What the exercise asks: Look for the word "units" in the entries and copy each line where it appears.

Records for the task:
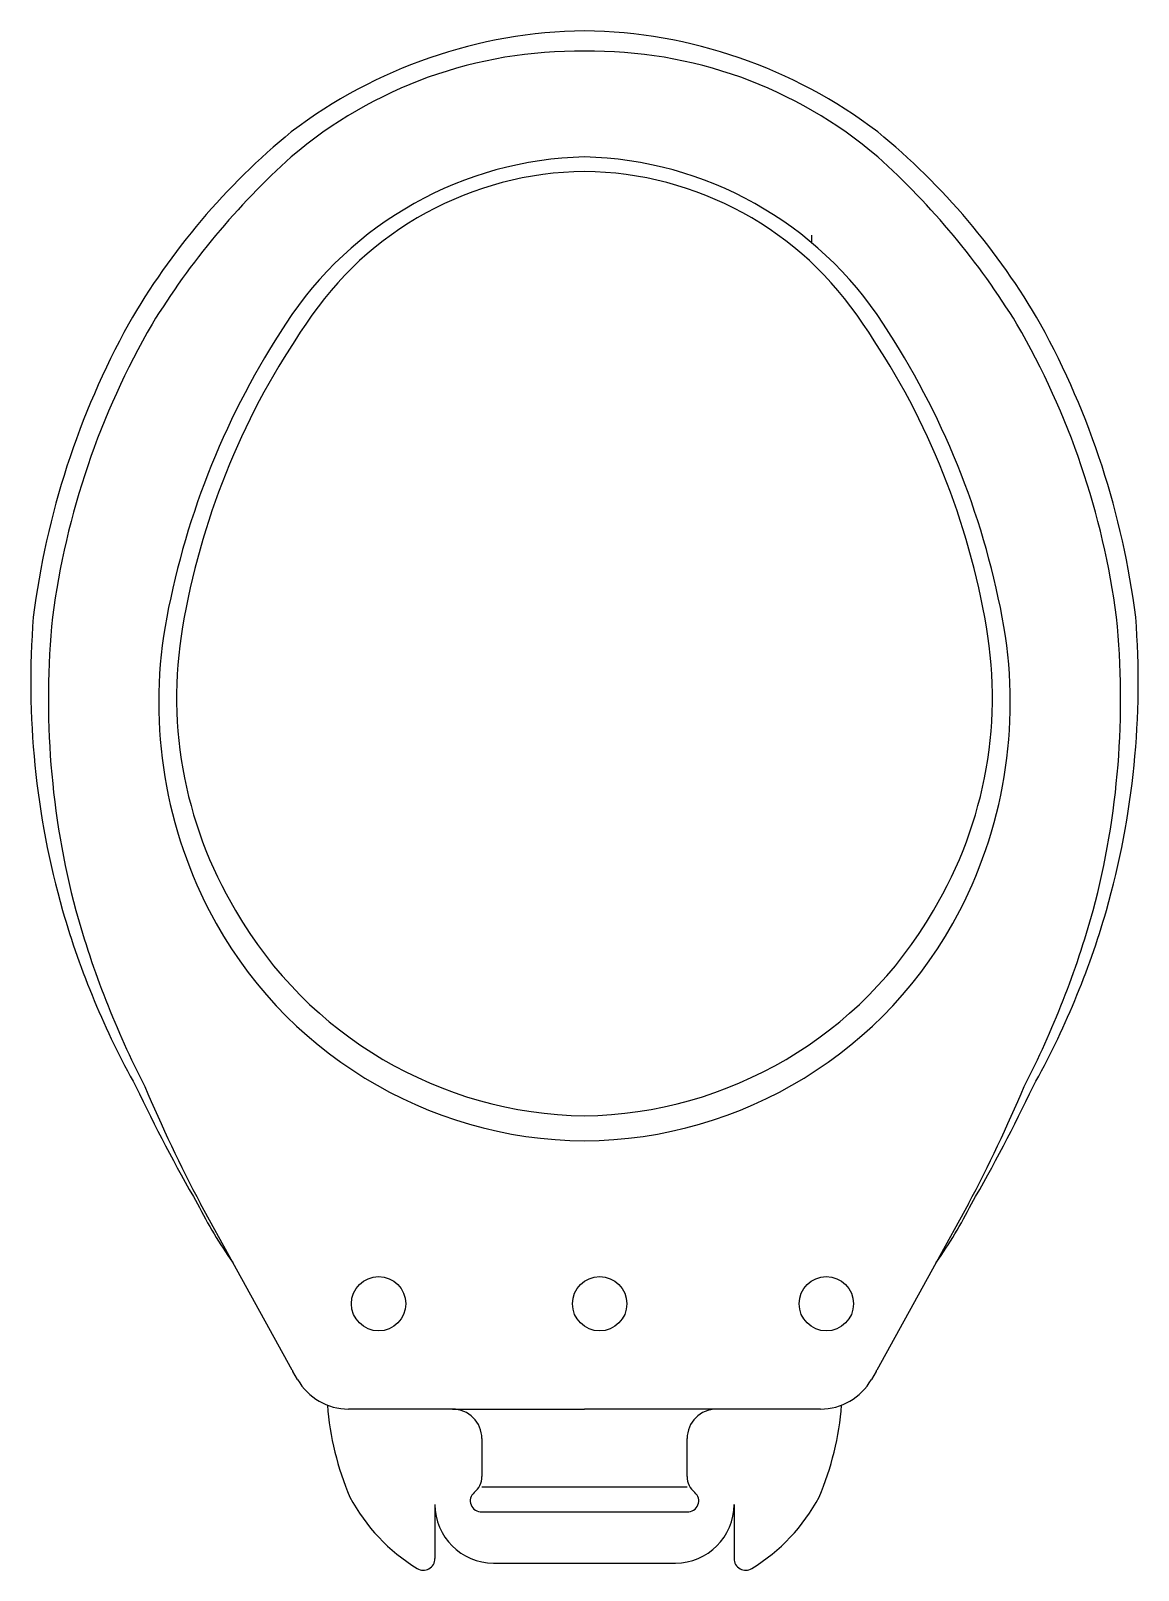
# Model space of a CAD drawing. Header units: millimetres. Extents: x 268.752 to 269.13, y 159.149 to 159.674.
import ezdxf

# ---------------------------------------------------------------- set-up
doc = ezdxf.new("R2010")
doc.units = ezdxf.units.MM

msp = doc.modelspace()

# ---------------------------------------------------------------- linework, layer by layer
for p, q in [((269.018421859011, 159.6040389027047), (269.018421859011, 159.6015852219738)), ((268.8210512696267, 159.2537854071537), (268.8100512696267, 159.2737854071532)), ((269.0720512696269, 159.2737854071528), (269.0610512696265, 159.2537854071533)), ((268.8413952291588, 159.2171169141842), (268.8210512696267, 159.2537854071537)), ((269.0610512696265, 159.2537854071533), (269.0407073100949, 159.2171169141837)), ((268.8432018286679, 159.2138582733359), (268.8416190620372, 159.2166281149383)), ((269.0404834772156, 159.2166281149383), (269.0389007105853, 159.2138582733359)), ((268.8960512696265, 159.2037810521023), (268.8605666915103, 159.2037810521027)), ((268.8960512733659, 159.2037810521027), (268.9409982772511, 159.2037810521023)), ((268.9860512658868, 159.2037810521027), (268.9411042620021, 159.2037810521027)), ((269.0215358477429, 159.2037810521023), (268.9860512696262, 159.2037810521027)), ((268.9060512696267, 159.1937810521025), (268.9060512696263, 159.1807940810862)), ((268.9760512696265, 159.1807940810862), (268.9760512696265, 159.193781052103)), ((268.9060512696263, 159.1772854071531), (268.9410512696261, 159.1772854071536)), ((268.9410512696261, 159.1772854071536), (268.9760512696265, 159.1772854071531)), ((268.8900512696267, 159.1712854071528), (268.8900512696267, 159.1528460156813)), ((268.9060512696267, 159.1687854071537), (268.9410512696266, 159.1687854071537)), ((268.9410512696266, 159.1687854071537), (268.9760512696265, 159.1687854071537)), ((268.9920512696265, 159.1712854071533), (268.9920512696261, 159.1528460156813)), ((268.9100512696266, 159.1512854071538), (268.9410512696261, 159.1512854071538)), ((268.9410512696261, 159.1512854071538), (268.9720512696265, 159.1512854071533))]:
    msp.add_line(p, q)
for centre in [(268.8708240140483, 159.2397068363476), (268.9462320606663, 159.2397068363476), (269.0235254544936, 159.2397068363476)]:
    msp.add_circle(centre, 0.009271867850551509)
for centre, radius, start, end in [((268.943329821159, 159.5050033737265), 0.1687974129090051, 90.77344402966885, 127.2954246795796), ((268.9387727180949, 159.5050033737278), 0.1687974129076893, 52.70457531998691, 89.22655596993378), ((268.9387032113742, 159.5164189022988), 0.1503848368671908, 89.10536662073913, 130.4923860879664), ((268.9433993278796, 159.5164189022979), 0.1503848368680711, 49.50761391191808, 90.89463337912404), ((268.9904567100419, 159.4564265988623), 0.2361341343288315, 129.250662812836, 150.1982405812551), ((268.8916458292122, 159.4564265988619), 0.2361341343288196, 29.80175941874489, 50.74933718716398), ((269.0128726981978, 159.4393092166769), 0.2572658835434848, 131.9032603856631, 148.4855974295079), ((268.944143796318, 159.5054882541284), 0.1253353113755597, 91.4138610210999, 146.9811110716094), ((268.9379587429359, 159.5054882541284), 0.1253353113754077, 33.01888892844931, 88.58613897879586), ((268.8692298410563, 159.4393092166796), 0.257265883541382, 31.51440256994249, 48.09673961378811), ((268.9421677079832, 159.5109669140023), 0.1148239208705641, 90.55709832354587, 146.8327104350031), ((268.9399348312709, 159.5109669140023), 0.1148239208707089, 33.16728956499692, 89.44290167645413), ((269.0289012696264, 159.4394154071528), 0.2779829480381574, 151.0939401815036, 172.8977366063597), ((269.0273467241707, 159.4385149526069), 0.2701081458204105, 149.9469859725766, 172.4969475817546), ((269.0689751826688, 159.4224649723704), 0.2752505763324329, 146.6497799257996, 169.254325146781), ((269.0566212696268, 159.4277876071541), 0.2562324774588023, 145.2646626817826, 169.6584372367896), ((268.8254812696273, 159.4277876071541), 0.256232477458721, 10.34156276321043, 34.73533731821739), ((268.8131273565846, 159.4224649723714), 0.2752505763321334, 10.74567485303369, 33.3502200740157), ((268.8547558150829, 159.4385149526064), 0.270108145820415, 7.503052418245393, 30.05301402742341), ((268.8532012696275, 159.4394154071537), 0.2779829480377188, 7.102263393377732, 28.9060598182283), ((269.0363568251819, 159.4516159627095), 0.2841716419270114, 175.5255647468858, 195.8956215283005), ((269.0408568251831, 159.4459698515988), 0.2826774145874193, 174.3529372462057, 194.7949052737708), ((268.9505646765674, 159.4447761011601), 0.1547566338608986, 169.1959276747394, 207.30484678333), ((268.9435829597683, 159.4465847029281), 0.1416675304152697, 168.9302531547953, 210.922237858543), ((268.9385195794858, 159.4465847029281), 0.1416675304151001, 329.077762141457, 11.06974684520471), ((268.9315378626861, 159.4447761011592), 0.1547566338607756, 332.6951532169963, 10.80407232560552), ((268.8412457140706, 159.4459698515988), 0.2826774145874457, 345.2050947261218, 5.647062753689623), ((268.8457457140717, 159.4516159627095), 0.2841716419270466, 344.1043784716165, 4.47443525303574), ((269.0386137696262, 159.4533947821523), 0.2868315603166657, 196.1138846724884, 209.1258452231151), ((269.0750155553408, 159.4596068357263), 0.3192171746506506, 195.5958263330043, 207.181419323065), ((268.9419449376791, 159.4403492862706), 0.1450666318181973, 207.3129494660985, 269.6470330158039), ((268.9430790474043, 159.4433826293752), 0.1396119491115754, 209.901125415863, 269.1677847452569), ((268.9390234918494, 159.4433826293761), 0.1396119491124861, 270.8322152545542, 330.0988745839197), ((268.9401576015748, 159.4403492862706), 0.1450666318181422, 270.3529669842873, 332.6870505338462), ((268.8070869839106, 159.4596068357254), 0.3192171746527099, 332.8185806771127, 344.4041736671838), ((268.843488769627, 159.4533947821559), 0.2868315603181873, 330.8741547761121, 343.8861153267513), ((269.3085512696376, 159.5615354071555), 0.5764549527175351, 205.4537302418491, 209.9452153736317), ((269.290551269632, 159.5265354071511), 0.5429206318643045, 203.0704122493719, 207.7450239676187), ((268.5915512696272, 159.5265354071502), 0.5429206318591543, 332.2549760321482, 336.9295877504004), ((268.5735512696212, 159.5615354071496), 0.5764549527097571, 330.0547846266076, 334.546269758381), ((268.9508012696204, 159.3452354071545), 0.15873929884723, 206.7506827208077, 215.1768303464445), ((268.9313012696298, 159.3452354071545), 0.1587392988498615, 324.8231696540313, 333.2493172796846), ((268.8387904997294, 159.2156284973711), 0.003000000001581636, 19.46347382356086, 29.74488123660871), ((268.8387904997317, 159.2156284973665), 0.003000000000953079, 8.673174084491157, 19.46347391992111), ((269.0433120395188, 159.2156284973693), 0.002999999997865902, 160.5365261147335, 171.3268259505897), ((269.0433120395213, 159.2156284973656), 0.003000000001506651, 150.2551186524197, 160.5365260651308), ((268.8605666915105, 159.2237810521027), 0.01999999999998181, 209.7448812959646, 269.9999999993486), ((269.0215358477422, 159.2237810521023), 0.02000000000018296, 270.0000000019541, 330.2551187058048), ((268.9517008633935, 159.2126953312867), 0.09864750907236032, 184.3978675330338, 203.2306740538286), ((268.8960512696263, 159.1937810521025), 0.01000000000067391, 0, 90.0000240501637), ((268.9860512696262, 159.1937810521025), 0.009999999999763531, 89.99997594592803, 179.9999999973945), ((268.9304016758611, 159.2126953312867), 0.09864750907092731, 336.769325946087, 355.6021324668878), ((268.8990512696263, 159.1807940810862), 0.006999999999948159, 309.0247942986869, 0), ((268.9830512696264, 159.1807940810862), 0.006999999999885828, 180, 230.975205701313), ((268.9168322563102, 159.2033151543691), 0.06311516811390261, 207.8961771900017, 238.6211026452467), ((268.9057904813632, 159.1724792074195), 0.003702994857974064, 129.0247943055492, 274.0384734087165), ((268.9763120578897, 159.1724792074191), 0.003702994858085868, 265.961526594297, 50.97520570162789), ((268.965270282942, 159.20331515437), 0.06311516811497507, 301.3788973547651, 332.1038228100596), ((268.9100512696262, 159.1712854071533), 0.01999999999952706, 180.0000000013028, 270.0000000013027), ((268.9720512696265, 159.1712854071533), 0.01999999999998181, 270, 0), ((268.8860512696264, 159.1528460156813), 0.004000000000246473, 238.6211184417402, 0), ((268.9960512696263, 159.1528460156813), 0.004000000000246473, 180, 301.3788815582598)]:
    msp.add_arc(centre, radius, start, end)

doc.saveas('drawing.dxf')

Reply:
# Model space of a CAD drawing. Header units: millimetres. Extents: x 268.752 to 269.13, y 159.149 to 159.674.
doc.units = ezdxf.units.MM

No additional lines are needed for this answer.